How to complete this task:
What is needed is a verbatim copy of every record below, with the pictures left out.

Data for this task:
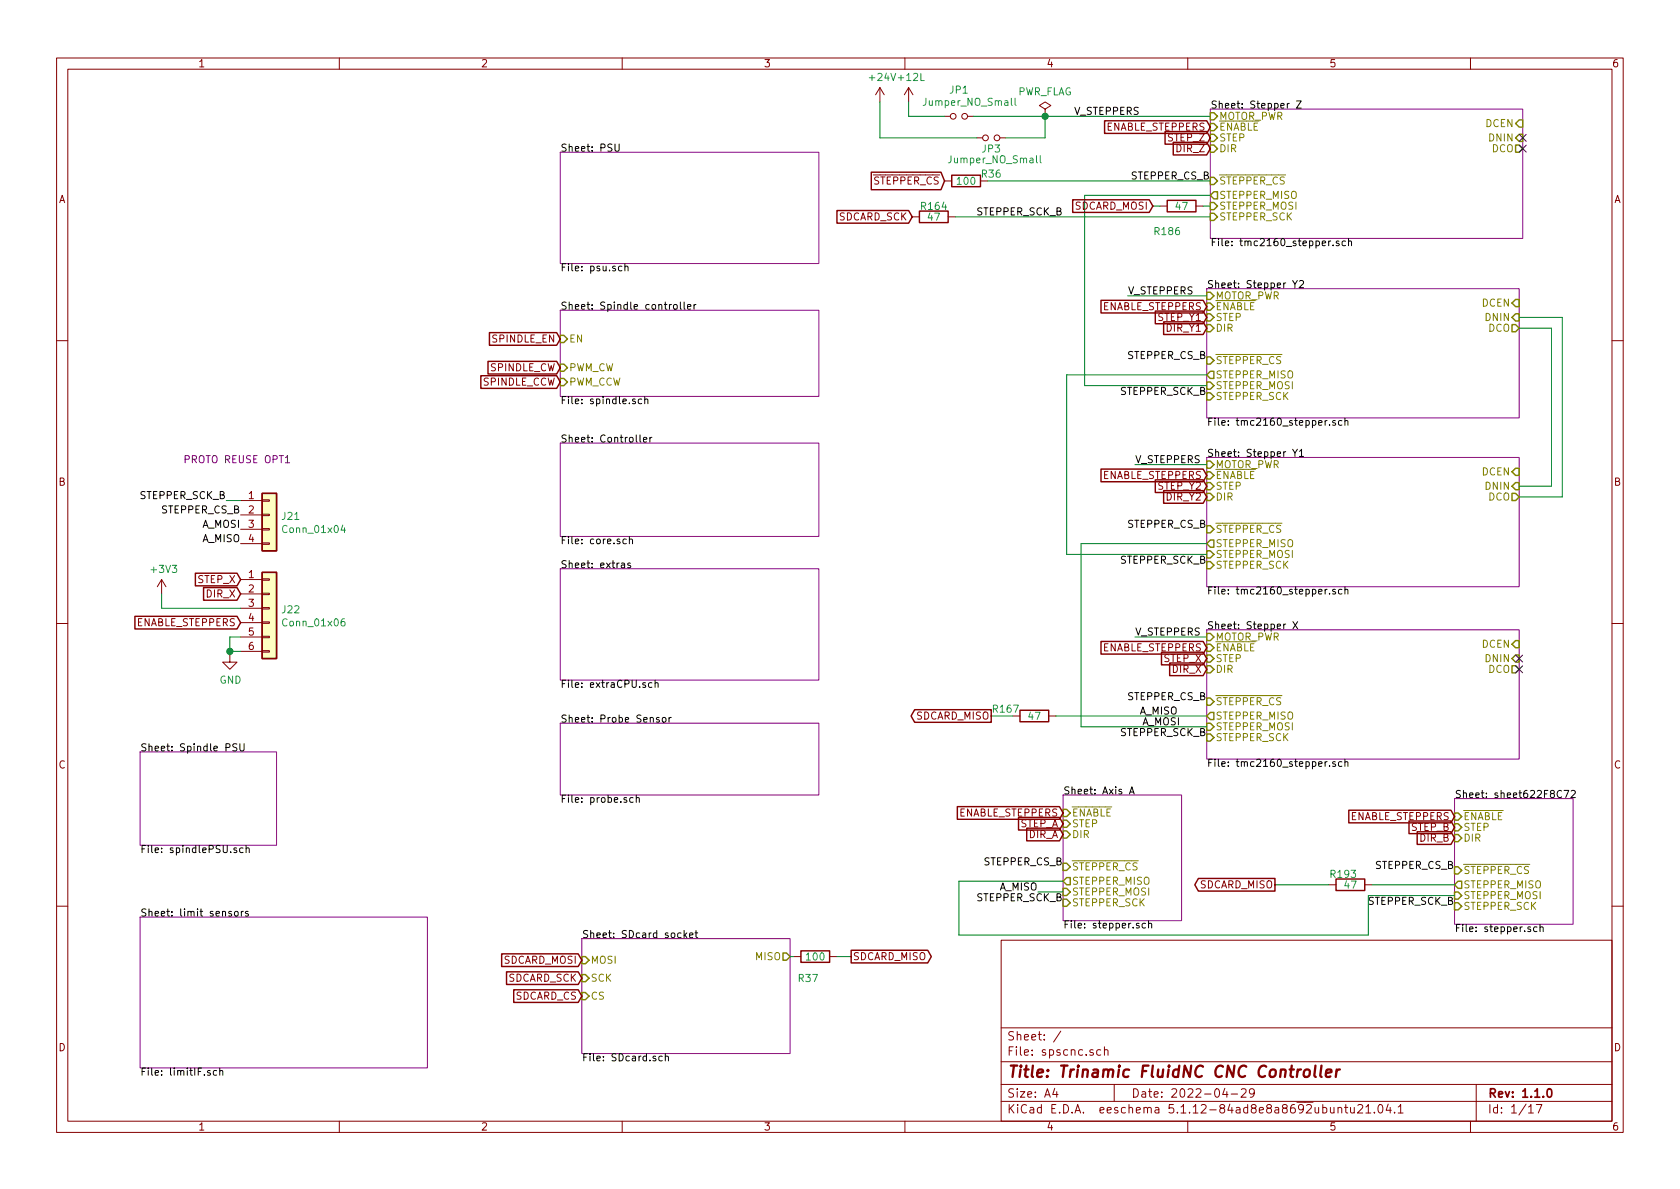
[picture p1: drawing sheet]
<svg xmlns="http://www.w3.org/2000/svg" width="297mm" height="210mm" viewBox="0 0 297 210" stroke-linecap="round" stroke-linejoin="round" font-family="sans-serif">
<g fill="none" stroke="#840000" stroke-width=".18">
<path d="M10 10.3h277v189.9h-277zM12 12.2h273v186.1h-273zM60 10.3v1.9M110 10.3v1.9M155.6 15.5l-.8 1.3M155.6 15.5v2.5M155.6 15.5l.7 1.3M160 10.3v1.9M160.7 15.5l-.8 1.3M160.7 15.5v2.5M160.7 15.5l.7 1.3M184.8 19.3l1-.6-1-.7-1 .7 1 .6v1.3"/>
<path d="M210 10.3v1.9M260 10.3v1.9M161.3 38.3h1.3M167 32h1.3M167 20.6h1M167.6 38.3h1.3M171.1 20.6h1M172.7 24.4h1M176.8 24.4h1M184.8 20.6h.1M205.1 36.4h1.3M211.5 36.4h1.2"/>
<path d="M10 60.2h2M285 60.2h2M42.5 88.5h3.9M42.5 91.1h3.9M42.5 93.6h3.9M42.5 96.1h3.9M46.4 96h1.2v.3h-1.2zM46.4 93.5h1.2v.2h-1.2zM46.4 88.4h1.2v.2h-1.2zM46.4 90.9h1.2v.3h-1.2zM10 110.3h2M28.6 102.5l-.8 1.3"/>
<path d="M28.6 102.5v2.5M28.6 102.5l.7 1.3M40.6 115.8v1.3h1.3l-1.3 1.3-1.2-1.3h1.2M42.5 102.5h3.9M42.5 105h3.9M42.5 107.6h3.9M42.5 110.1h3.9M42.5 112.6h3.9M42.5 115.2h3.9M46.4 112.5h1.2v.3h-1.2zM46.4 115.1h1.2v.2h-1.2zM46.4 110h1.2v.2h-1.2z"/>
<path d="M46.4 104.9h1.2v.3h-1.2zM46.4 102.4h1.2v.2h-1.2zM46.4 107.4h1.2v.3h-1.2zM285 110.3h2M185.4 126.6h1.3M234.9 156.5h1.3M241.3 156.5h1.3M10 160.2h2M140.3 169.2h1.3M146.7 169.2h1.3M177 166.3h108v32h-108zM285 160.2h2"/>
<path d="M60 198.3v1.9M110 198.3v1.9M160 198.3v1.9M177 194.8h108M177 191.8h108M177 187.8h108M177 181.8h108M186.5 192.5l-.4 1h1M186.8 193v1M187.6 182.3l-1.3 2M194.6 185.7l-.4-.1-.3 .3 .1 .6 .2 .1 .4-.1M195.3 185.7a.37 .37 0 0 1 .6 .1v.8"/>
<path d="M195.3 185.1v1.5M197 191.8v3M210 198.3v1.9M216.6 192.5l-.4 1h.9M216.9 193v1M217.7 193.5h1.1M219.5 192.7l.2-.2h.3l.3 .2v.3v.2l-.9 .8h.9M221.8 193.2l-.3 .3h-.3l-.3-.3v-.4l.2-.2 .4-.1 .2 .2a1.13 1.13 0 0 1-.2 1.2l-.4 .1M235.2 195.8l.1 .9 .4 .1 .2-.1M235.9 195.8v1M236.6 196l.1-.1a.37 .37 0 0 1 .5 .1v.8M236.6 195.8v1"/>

Solution:
[picture p1: drawing sheet]
<svg xmlns="http://www.w3.org/2000/svg" width="297mm" height="210mm" viewBox="0 0 297 210" stroke-linecap="round" stroke-linejoin="round" font-family="sans-serif">
<g fill="none" stroke="#840000" stroke-width=".18">
<path d="M10 10.3h277v189.9h-277zM12 12.2h273v186.1h-273zM60 10.3v1.9M110 10.3v1.9M155.6 15.5l-.8 1.3M155.6 15.5v2.5M155.6 15.5l.7 1.3M160 10.3v1.9M160.7 15.5l-.8 1.3M160.7 15.5v2.5M160.7 15.5l.7 1.3M184.8 19.3l1-.6-1-.7-1 .7 1 .6v1.3"/>
<path d="M210 10.3v1.9M260 10.3v1.9M161.3 38.3h1.3M167 32h1.3M167 20.6h1M167.6 38.3h1.3M171.1 20.6h1M172.7 24.4h1M176.8 24.4h1M184.8 20.6h.1M205.1 36.4h1.3M211.5 36.4h1.2"/>
<path d="M10 60.2h2M285 60.2h2M42.5 88.5h3.9M42.5 91.1h3.9M42.5 93.6h3.9M42.5 96.1h3.9M46.4 96h1.2v.3h-1.2zM46.4 93.5h1.2v.2h-1.2zM46.4 88.4h1.2v.2h-1.2zM46.4 90.9h1.2v.3h-1.2zM10 110.3h2M28.6 102.5l-.8 1.3"/>
<path d="M28.6 102.5v2.5M28.6 102.5l.7 1.3M40.6 115.8v1.3h1.3l-1.3 1.3-1.2-1.3h1.2M42.5 102.5h3.9M42.5 105h3.9M42.5 107.6h3.9M42.5 110.1h3.9M42.5 112.6h3.9M42.5 115.2h3.9M46.4 112.5h1.2v.3h-1.2zM46.4 115.1h1.2v.2h-1.2zM46.4 110h1.2v.2h-1.2z"/>
<path d="M46.4 104.9h1.2v.3h-1.2zM46.4 102.4h1.2v.2h-1.2zM46.4 107.4h1.2v.3h-1.2zM285 110.3h2M185.4 126.6h1.3M234.9 156.5h1.3M241.3 156.5h1.3M10 160.2h2M140.3 169.2h1.3M146.7 169.2h1.3M177 166.3h108v32h-108zM285 160.2h2"/>
<path d="M60 198.3v1.9M110 198.3v1.9M160 198.3v1.9M177 194.8h108M177 191.8h108M177 187.8h108M177 181.8h108M186.5 192.5l-.4 1h1M186.8 193v1M187.6 182.3l-1.3 2M194.6 185.7l-.4-.1-.3 .3 .1 .6 .2 .1 .4-.1M195.3 185.7a.37 .37 0 0 1 .6 .1v.8"/>
<path d="M195.3 185.1v1.5M197 191.8v3M210 198.3v1.9M216.6 192.5l-.4 1h.9M216.9 193v1M217.7 193.5h1.1M219.5 192.7l.2-.2h.3l.3 .2v.3v.2l-.9 .8h.9M221.8 193.2l-.3 .3h-.3l-.3-.3v-.4l.2-.2 .4-.1 .2 .2a1.13 1.13 0 0 1-.2 1.2l-.4 .1M235.2 195.8l.1 .9 .4 .1 .2-.1M235.9 195.8v1M236.6 196l.1-.1a.37 .37 0 0 1 .5 .1v.8M236.6 195.8v1"/>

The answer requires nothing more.